(Dataset items)
++++++++++

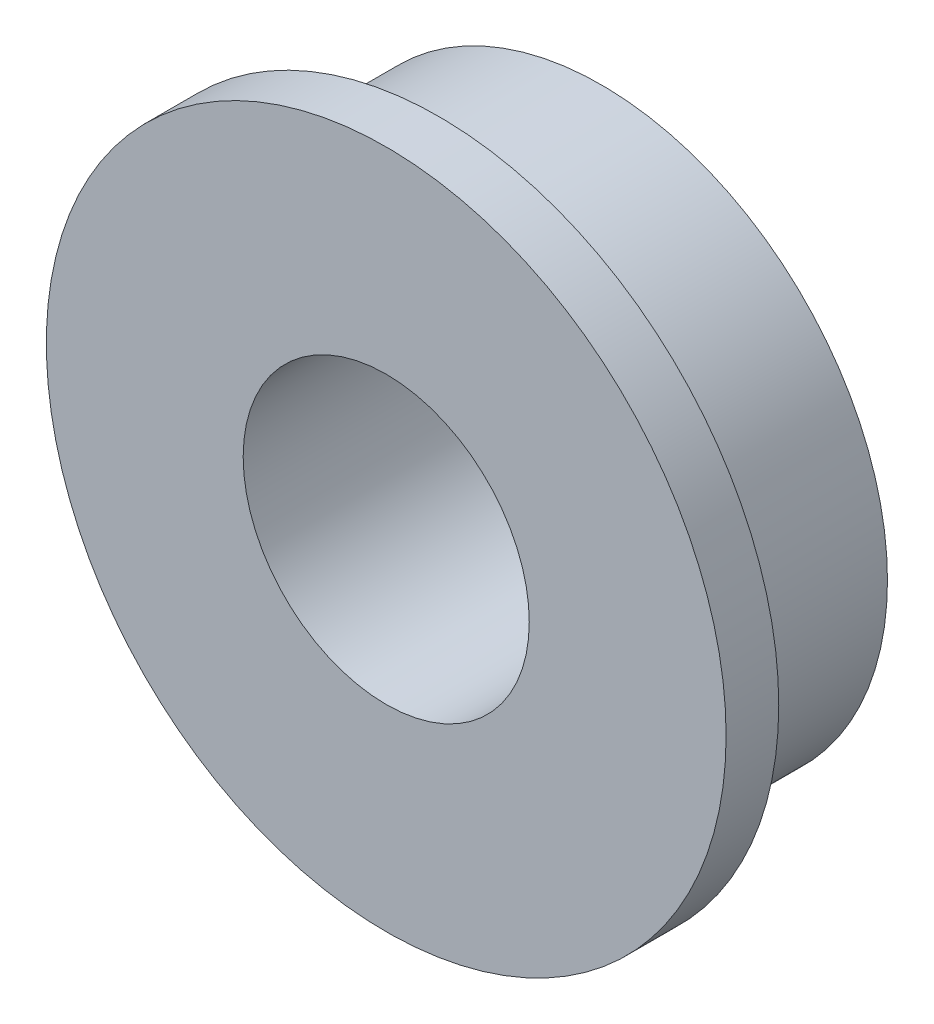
ISO-10303-21;
HEADER;
FILE_DESCRIPTION(('STEP AP214'),'2;1');
FILE_NAME('part.step','',(''),(''),'','','');
FILE_SCHEMA(('AUTOMOTIVE_DESIGN { 1 0 10303 214 1 1 1 1 }'));
ENDSEC;
DATA;
#1=APPLICATION_CONTEXT('core data for automotive mechanical design processes');
#2=APPLICATION_PROTOCOL_DEFINITION('international standard','automotive_design',2000,#1);
#3=PRODUCT_CONTEXT('',#1,'mechanical');
#4=PRODUCT('Part','Part','',(#3));
#5=PRODUCT_RELATED_PRODUCT_CATEGORY('part','',(#4));
#6=PRODUCT_DEFINITION_FORMATION('','',#4);
#7=PRODUCT_DEFINITION_CONTEXT('part definition',#1,'design');
#8=PRODUCT_DEFINITION('design','',#6,#7);
#9=PRODUCT_DEFINITION_SHAPE('','',#8);
#10=(LENGTH_UNIT() NAMED_UNIT(*) SI_UNIT(.MILLI.,.METRE.));
#11=(NAMED_UNIT(*) PLANE_ANGLE_UNIT() SI_UNIT($,.RADIAN.));
#12=(NAMED_UNIT(*) SI_UNIT($,.STERADIAN.) SOLID_ANGLE_UNIT());
#13=UNCERTAINTY_MEASURE_WITH_UNIT(LENGTH_MEASURE(1.E-05),#10,'distance_accuracy_value','');
#14=(GEOMETRIC_REPRESENTATION_CONTEXT(3) GLOBAL_UNCERTAINTY_ASSIGNED_CONTEXT((#13)) GLOBAL_UNIT_ASSIGNED_CONTEXT((#10,
#11,#12)) REPRESENTATION_CONTEXT('',''));
#15=CARTESIAN_POINT('',(0.,0.,0.));
#16=DIRECTION('',(0.,0.,1.));
#17=DIRECTION('',(1.,0.,0.));
#18=AXIS2_PLACEMENT_3D('',#15,#16,#17);
#19=CARTESIAN_POINT('',(0.,0.,2.3876));
#20=DIRECTION('',(0.,0.,-1.));
#21=DIRECTION('',(-1.,0.,0.));
#22=AXIS2_PLACEMENT_3D('',#19,#20,#21);
#23=CYLINDRICAL_SURFACE('',#22,3.175);
#24=CARTESIAN_POINT('',(0.,0.,0.));
#25=DIRECTION('',(0.,0.,1.));
#26=DIRECTION('',(1.,0.,0.));
#27=AXIS2_PLACEMENT_3D('',#24,#25,#26);
#28=CIRCLE('',#27,3.175);
#29=CARTESIAN_POINT('',(3.175,0.,0.));
#30=VERTEX_POINT('',#29);
#31=EDGE_CURVE('E34',#30,#30,#28,.T.);
#32=ORIENTED_EDGE('',*,*,#31,.T.);
#33=EDGE_LOOP('',(#32));
#34=FACE_BOUND('',#33,.T.);
#35=CARTESIAN_POINT('',(0.,0.,1.8034));
#36=DIRECTION('',(0.,0.,1.));
#37=DIRECTION('',(1.,0.,0.));
#38=AXIS2_PLACEMENT_3D('',#35,#36,#37);
#39=CIRCLE('',#38,3.175);
#40=CARTESIAN_POINT('',(3.175,0.,1.8034));
#41=VERTEX_POINT('',#40);
#42=EDGE_CURVE('E10',#41,#41,#39,.T.);
#43=ORIENTED_EDGE('',*,*,#42,.F.);
#44=EDGE_LOOP('',(#43));
#45=FACE_BOUND('',#44,.T.);
#46=ADVANCED_FACE('F28',(#34,#45),#23,.T.);
#47=CARTESIAN_POINT('',(0.,0.,2.3876));
#48=DIRECTION('',(0.,0.,1.));
#49=DIRECTION('',(1.,0.,0.));
#50=AXIS2_PLACEMENT_3D('',#47,#48,#49);
#51=PLANE('',#50);
#52=CARTESIAN_POINT('',(0.,0.,2.3876));
#53=DIRECTION('',(0.,0.,1.));
#54=DIRECTION('',(1.,0.,0.));
#55=AXIS2_PLACEMENT_3D('',#52,#53,#54);
#56=CIRCLE('',#55,1.5875);
#57=CARTESIAN_POINT('',(1.5875,0.,2.3876));
#58=VERTEX_POINT('',#57);
#59=EDGE_CURVE('E38',#58,#58,#56,.T.);
#60=ORIENTED_EDGE('',*,*,#59,.F.);
#61=EDGE_LOOP('',(#60));
#62=FACE_BOUND('',#61,.T.);
#63=CARTESIAN_POINT('',(0.,0.,2.3876));
#64=DIRECTION('',(0.,0.,1.));
#65=DIRECTION('',(1.,0.,0.));
#66=AXIS2_PLACEMENT_3D('',#63,#64,#65);
#67=CIRCLE('',#66,3.7719);
#68=CARTESIAN_POINT('',(3.7719,0.,2.3876));
#69=VERTEX_POINT('',#68);
#70=EDGE_CURVE('E50',#69,#69,#67,.T.);
#71=ORIENTED_EDGE('',*,*,#70,.T.);
#72=EDGE_LOOP('',(#71));
#73=FACE_BOUND('',#72,.T.);
#74=ADVANCED_FACE('F54',(#62,#73),#51,.T.);
#75=CARTESIAN_POINT('',(0.,0.,0.));
#76=DIRECTION('',(0.,0.,1.));
#77=DIRECTION('',(1.,0.,0.));
#78=AXIS2_PLACEMENT_3D('',#75,#76,#77);
#79=PLANE('',#78);
#80=ORIENTED_EDGE('',*,*,#31,.F.);
#81=EDGE_LOOP('',(#80));
#82=FACE_BOUND('',#81,.T.);
#83=CARTESIAN_POINT('',(0.,0.,0.));
#84=DIRECTION('',(0.,0.,1.));
#85=DIRECTION('',(1.,0.,0.));
#86=AXIS2_PLACEMENT_3D('',#83,#84,#85);
#87=CIRCLE('',#86,1.5875);
#88=CARTESIAN_POINT('',(1.5875,0.,0.));
#89=VERTEX_POINT('',#88);
#90=EDGE_CURVE('E42',#89,#89,#87,.T.);
#91=ORIENTED_EDGE('',*,*,#90,.T.);
#92=EDGE_LOOP('',(#91));
#93=FACE_BOUND('',#92,.T.);
#94=ADVANCED_FACE('F67',(#82,#93),#79,.F.);
#95=CARTESIAN_POINT('',(0.,0.,2.3876));
#96=DIRECTION('',(0.,0.,-1.));
#97=DIRECTION('',(-1.,0.,0.));
#98=AXIS2_PLACEMENT_3D('',#95,#96,#97);
#99=CYLINDRICAL_SURFACE('',#98,1.5875);
#100=ORIENTED_EDGE('',*,*,#59,.T.);
#101=EDGE_LOOP('',(#100));
#102=FACE_BOUND('',#101,.T.);
#103=ORIENTED_EDGE('',*,*,#90,.F.);
#104=EDGE_LOOP('',(#103));
#105=FACE_BOUND('',#104,.T.);
#106=ADVANCED_FACE('F59',(#102,#105),#99,.F.);
#107=CARTESIAN_POINT('',(0.,0.,1.8034));
#108=DIRECTION('',(0.,0.,1.));
#109=DIRECTION('',(1.,0.,0.));
#110=AXIS2_PLACEMENT_3D('',#107,#108,#109);
#111=CYLINDRICAL_SURFACE('',#110,3.7719);
#112=CARTESIAN_POINT('',(0.,0.,1.8034));
#113=DIRECTION('',(0.,0.,1.));
#114=DIRECTION('',(1.,0.,0.));
#115=AXIS2_PLACEMENT_3D('',#112,#113,#114);
#116=CIRCLE('',#115,3.7719);
#117=CARTESIAN_POINT('',(3.7719,0.,1.8034));
#118=VERTEX_POINT('',#117);
#119=EDGE_CURVE('E47',#118,#118,#116,.T.);
#120=ORIENTED_EDGE('',*,*,#119,.T.);
#121=EDGE_LOOP('',(#120));
#122=FACE_BOUND('',#121,.T.);
#123=ORIENTED_EDGE('',*,*,#70,.F.);
#124=EDGE_LOOP('',(#123));
#125=FACE_BOUND('',#124,.T.);
#126=ADVANCED_FACE('F56',(#122,#125),#111,.T.);
#127=CARTESIAN_POINT('',(0.,0.,1.8034));
#128=DIRECTION('',(0.,0.,1.));
#129=DIRECTION('',(1.,0.,0.));
#130=AXIS2_PLACEMENT_3D('',#127,#128,#129);
#131=PLANE('',#130);
#132=ORIENTED_EDGE('',*,*,#42,.T.);
#133=EDGE_LOOP('',(#132));
#134=FACE_BOUND('',#133,.T.);
#135=ORIENTED_EDGE('',*,*,#119,.F.);
#136=EDGE_LOOP('',(#135));
#137=FACE_BOUND('',#136,.T.);
#138=ADVANCED_FACE('F58',(#134,#137),#131,.F.);
#139=CLOSED_SHELL('',(#46,#74,#94,#106,#126,#138));
#140=MANIFOLD_SOLID_BREP('B2',#139);
#141=ADVANCED_BREP_SHAPE_REPRESENTATION('',(#18,#140),#14);
#142=SHAPE_DEFINITION_REPRESENTATION(#9,#141);
ENDSEC;
END-ISO-10303-21;

++++++++++

*Required work:*
Given the records above, return exactly the lines starting at the line containing "#49=DIRECTION('',(1.,0.,0.));" and ending at the line containing "#90=EDGE_CURVE('E42',#89,#89,#87,.T.);", including both.

*Problem solution:*
#49=DIRECTION('',(1.,0.,0.));
#50=AXIS2_PLACEMENT_3D('',#47,#48,#49);
#51=PLANE('',#50);
#52=CARTESIAN_POINT('',(0.,0.,2.3876));
#53=DIRECTION('',(0.,0.,1.));
#54=DIRECTION('',(1.,0.,0.));
#55=AXIS2_PLACEMENT_3D('',#52,#53,#54);
#56=CIRCLE('',#55,1.5875);
#57=CARTESIAN_POINT('',(1.5875,0.,2.3876));
#58=VERTEX_POINT('',#57);
#59=EDGE_CURVE('E38',#58,#58,#56,.T.);
#60=ORIENTED_EDGE('',*,*,#59,.F.);
#61=EDGE_LOOP('',(#60));
#62=FACE_BOUND('',#61,.T.);
#63=CARTESIAN_POINT('',(0.,0.,2.3876));
#64=DIRECTION('',(0.,0.,1.));
#65=DIRECTION('',(1.,0.,0.));
#66=AXIS2_PLACEMENT_3D('',#63,#64,#65);
#67=CIRCLE('',#66,3.7719);
#68=CARTESIAN_POINT('',(3.7719,0.,2.3876));
#69=VERTEX_POINT('',#68);
#70=EDGE_CURVE('E50',#69,#69,#67,.T.);
#71=ORIENTED_EDGE('',*,*,#70,.T.);
#72=EDGE_LOOP('',(#71));
#73=FACE_BOUND('',#72,.T.);
#74=ADVANCED_FACE('F54',(#62,#73),#51,.T.);
#75=CARTESIAN_POINT('',(0.,0.,0.));
#76=DIRECTION('',(0.,0.,1.));
#77=DIRECTION('',(1.,0.,0.));
#78=AXIS2_PLACEMENT_3D('',#75,#76,#77);
#79=PLANE('',#78);
#80=ORIENTED_EDGE('',*,*,#31,.F.);
#81=EDGE_LOOP('',(#80));
#82=FACE_BOUND('',#81,.T.);
#83=CARTESIAN_POINT('',(0.,0.,0.));
#84=DIRECTION('',(0.,0.,1.));
#85=DIRECTION('',(1.,0.,0.));
#86=AXIS2_PLACEMENT_3D('',#83,#84,#85);
#87=CIRCLE('',#86,1.5875);
#88=CARTESIAN_POINT('',(1.5875,0.,0.));
#89=VERTEX_POINT('',#88);
#90=EDGE_CURVE('E42',#89,#89,#87,.T.);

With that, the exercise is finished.